-- EXERCISE --
Please transcribe, exactly and only, the lines of the records below from the one holding "#20649 = CARTESIAN_POINT" to the very end.

Collection entries:
Content starts

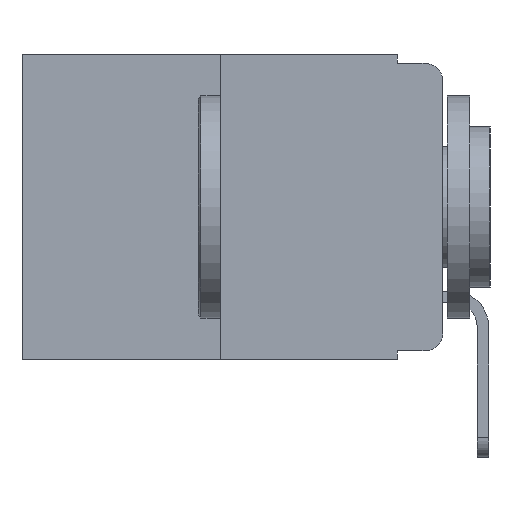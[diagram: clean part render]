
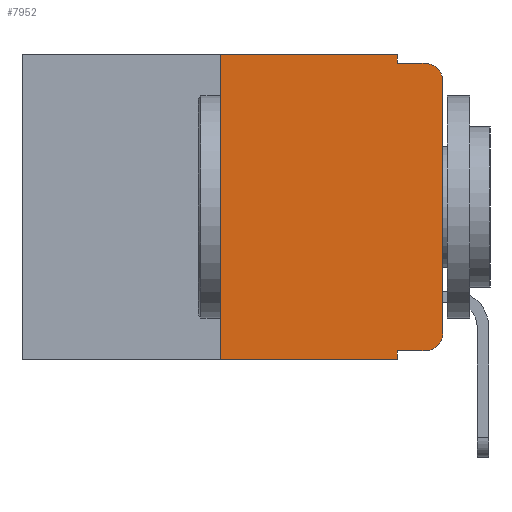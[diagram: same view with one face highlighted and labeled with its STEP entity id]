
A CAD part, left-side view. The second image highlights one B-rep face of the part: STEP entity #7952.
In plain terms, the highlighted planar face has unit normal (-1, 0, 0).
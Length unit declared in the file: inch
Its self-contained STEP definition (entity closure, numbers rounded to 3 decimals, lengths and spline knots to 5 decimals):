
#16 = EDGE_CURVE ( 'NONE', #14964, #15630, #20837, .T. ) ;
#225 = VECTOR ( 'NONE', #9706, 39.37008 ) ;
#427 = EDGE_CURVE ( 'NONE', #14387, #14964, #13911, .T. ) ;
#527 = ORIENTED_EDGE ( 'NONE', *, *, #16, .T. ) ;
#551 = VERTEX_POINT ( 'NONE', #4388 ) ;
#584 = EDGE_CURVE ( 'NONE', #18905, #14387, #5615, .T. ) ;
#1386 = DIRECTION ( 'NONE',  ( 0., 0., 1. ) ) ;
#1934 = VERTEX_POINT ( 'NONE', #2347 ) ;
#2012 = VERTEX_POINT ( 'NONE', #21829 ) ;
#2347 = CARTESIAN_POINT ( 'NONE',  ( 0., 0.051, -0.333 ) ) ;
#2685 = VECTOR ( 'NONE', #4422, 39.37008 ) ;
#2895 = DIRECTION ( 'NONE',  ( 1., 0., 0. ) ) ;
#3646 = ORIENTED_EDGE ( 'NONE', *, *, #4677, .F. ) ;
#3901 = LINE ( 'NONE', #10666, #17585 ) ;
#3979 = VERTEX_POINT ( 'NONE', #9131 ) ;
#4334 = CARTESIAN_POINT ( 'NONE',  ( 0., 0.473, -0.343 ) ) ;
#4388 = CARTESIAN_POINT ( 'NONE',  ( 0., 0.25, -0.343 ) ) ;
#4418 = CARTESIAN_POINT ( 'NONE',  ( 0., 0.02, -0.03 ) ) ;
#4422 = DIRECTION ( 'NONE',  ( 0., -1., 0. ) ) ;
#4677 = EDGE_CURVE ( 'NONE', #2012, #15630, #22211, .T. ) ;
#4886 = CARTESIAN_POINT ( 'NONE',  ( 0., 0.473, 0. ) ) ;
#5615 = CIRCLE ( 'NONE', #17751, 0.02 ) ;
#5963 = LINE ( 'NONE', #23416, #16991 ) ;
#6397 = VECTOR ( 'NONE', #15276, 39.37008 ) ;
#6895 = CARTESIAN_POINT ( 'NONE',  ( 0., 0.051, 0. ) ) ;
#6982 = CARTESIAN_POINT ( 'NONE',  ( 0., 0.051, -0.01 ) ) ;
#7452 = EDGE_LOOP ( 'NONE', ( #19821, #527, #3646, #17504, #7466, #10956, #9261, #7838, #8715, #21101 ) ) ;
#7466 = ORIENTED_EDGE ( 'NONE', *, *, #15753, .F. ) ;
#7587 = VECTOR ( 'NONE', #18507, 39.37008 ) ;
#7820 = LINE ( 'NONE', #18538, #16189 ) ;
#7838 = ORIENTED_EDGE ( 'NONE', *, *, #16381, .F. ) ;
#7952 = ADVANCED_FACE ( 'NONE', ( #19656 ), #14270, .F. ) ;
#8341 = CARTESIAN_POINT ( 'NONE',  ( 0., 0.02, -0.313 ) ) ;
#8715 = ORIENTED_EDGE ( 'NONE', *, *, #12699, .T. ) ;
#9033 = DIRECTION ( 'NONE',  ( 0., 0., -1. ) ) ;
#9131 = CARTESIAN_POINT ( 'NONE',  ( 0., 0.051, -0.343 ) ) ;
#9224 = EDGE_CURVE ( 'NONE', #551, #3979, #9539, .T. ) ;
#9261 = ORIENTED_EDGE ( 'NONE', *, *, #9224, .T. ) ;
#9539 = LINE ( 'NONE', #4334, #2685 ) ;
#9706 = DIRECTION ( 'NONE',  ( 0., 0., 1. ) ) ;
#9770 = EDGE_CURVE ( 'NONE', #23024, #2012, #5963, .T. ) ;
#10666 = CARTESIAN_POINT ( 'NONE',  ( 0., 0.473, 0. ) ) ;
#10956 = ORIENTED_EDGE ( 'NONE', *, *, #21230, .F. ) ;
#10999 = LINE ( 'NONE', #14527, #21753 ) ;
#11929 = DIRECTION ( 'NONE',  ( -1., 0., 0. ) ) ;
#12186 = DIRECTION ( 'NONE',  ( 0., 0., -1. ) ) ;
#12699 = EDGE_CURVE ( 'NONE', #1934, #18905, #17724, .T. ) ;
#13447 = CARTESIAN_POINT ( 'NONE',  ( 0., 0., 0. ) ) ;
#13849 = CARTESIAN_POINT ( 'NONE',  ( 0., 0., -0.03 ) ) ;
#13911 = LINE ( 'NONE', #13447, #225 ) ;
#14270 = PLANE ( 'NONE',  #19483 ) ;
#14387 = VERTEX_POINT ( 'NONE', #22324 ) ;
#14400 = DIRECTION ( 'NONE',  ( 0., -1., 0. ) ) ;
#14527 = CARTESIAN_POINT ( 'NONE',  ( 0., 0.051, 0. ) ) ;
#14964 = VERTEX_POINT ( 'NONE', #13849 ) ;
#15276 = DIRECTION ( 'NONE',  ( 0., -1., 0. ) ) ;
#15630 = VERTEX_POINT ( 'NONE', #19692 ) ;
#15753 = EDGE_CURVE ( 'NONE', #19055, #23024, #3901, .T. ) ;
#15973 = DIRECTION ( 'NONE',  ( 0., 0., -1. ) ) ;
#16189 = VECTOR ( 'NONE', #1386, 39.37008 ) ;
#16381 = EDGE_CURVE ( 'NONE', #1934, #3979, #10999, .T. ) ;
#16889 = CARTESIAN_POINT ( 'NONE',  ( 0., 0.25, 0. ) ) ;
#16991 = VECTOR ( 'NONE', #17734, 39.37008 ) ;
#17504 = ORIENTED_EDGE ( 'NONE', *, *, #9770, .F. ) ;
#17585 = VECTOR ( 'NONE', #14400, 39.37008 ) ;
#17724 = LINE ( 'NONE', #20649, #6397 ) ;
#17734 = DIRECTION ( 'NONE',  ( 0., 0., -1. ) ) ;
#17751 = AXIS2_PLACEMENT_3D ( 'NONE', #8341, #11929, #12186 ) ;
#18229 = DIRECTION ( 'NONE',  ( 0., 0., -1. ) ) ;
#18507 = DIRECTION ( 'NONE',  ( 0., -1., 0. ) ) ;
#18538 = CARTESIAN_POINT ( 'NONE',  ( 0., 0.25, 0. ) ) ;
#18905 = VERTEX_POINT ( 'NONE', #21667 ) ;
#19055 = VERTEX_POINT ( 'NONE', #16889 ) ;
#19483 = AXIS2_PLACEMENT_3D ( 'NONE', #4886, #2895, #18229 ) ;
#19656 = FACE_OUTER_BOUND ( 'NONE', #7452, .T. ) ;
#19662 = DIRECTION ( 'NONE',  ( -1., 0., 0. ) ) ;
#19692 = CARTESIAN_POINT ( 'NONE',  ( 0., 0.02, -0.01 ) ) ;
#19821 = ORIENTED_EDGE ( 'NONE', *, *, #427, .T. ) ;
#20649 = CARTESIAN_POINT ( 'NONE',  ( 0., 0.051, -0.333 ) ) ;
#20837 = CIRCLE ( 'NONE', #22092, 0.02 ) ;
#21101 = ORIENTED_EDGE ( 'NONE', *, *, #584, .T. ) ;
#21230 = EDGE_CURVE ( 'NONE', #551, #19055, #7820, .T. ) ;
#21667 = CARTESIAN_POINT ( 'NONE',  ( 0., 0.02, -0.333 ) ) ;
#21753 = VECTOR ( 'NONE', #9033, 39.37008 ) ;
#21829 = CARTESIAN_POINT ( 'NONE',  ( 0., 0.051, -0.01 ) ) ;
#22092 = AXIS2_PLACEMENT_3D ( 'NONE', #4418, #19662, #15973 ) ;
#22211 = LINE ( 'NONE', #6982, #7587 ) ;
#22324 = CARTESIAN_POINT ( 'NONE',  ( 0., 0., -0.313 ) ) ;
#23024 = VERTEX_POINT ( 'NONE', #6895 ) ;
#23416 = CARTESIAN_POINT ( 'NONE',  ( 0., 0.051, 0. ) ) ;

Content ends

-- FINAL ANSWER --
#20649 = CARTESIAN_POINT ( 'NONE',  ( 0., 0.051, -0.333 ) ) ;
#20837 = CIRCLE ( 'NONE', #22092, 0.02 ) ;
#21101 = ORIENTED_EDGE ( 'NONE', *, *, #584, .T. ) ;
#21230 = EDGE_CURVE ( 'NONE', #551, #19055, #7820, .T. ) ;
#21667 = CARTESIAN_POINT ( 'NONE',  ( 0., 0.02, -0.333 ) ) ;
#21753 = VECTOR ( 'NONE', #9033, 39.37008 ) ;
#21829 = CARTESIAN_POINT ( 'NONE',  ( 0., 0.051, -0.01 ) ) ;
#22092 = AXIS2_PLACEMENT_3D ( 'NONE', #4418, #19662, #15973 ) ;
#22211 = LINE ( 'NONE', #6982, #7587 ) ;
#22324 = CARTESIAN_POINT ( 'NONE',  ( 0., 0., -0.313 ) ) ;
#23024 = VERTEX_POINT ( 'NONE', #6895 ) ;
#23416 = CARTESIAN_POINT ( 'NONE',  ( 0., 0.051, 0. ) ) ;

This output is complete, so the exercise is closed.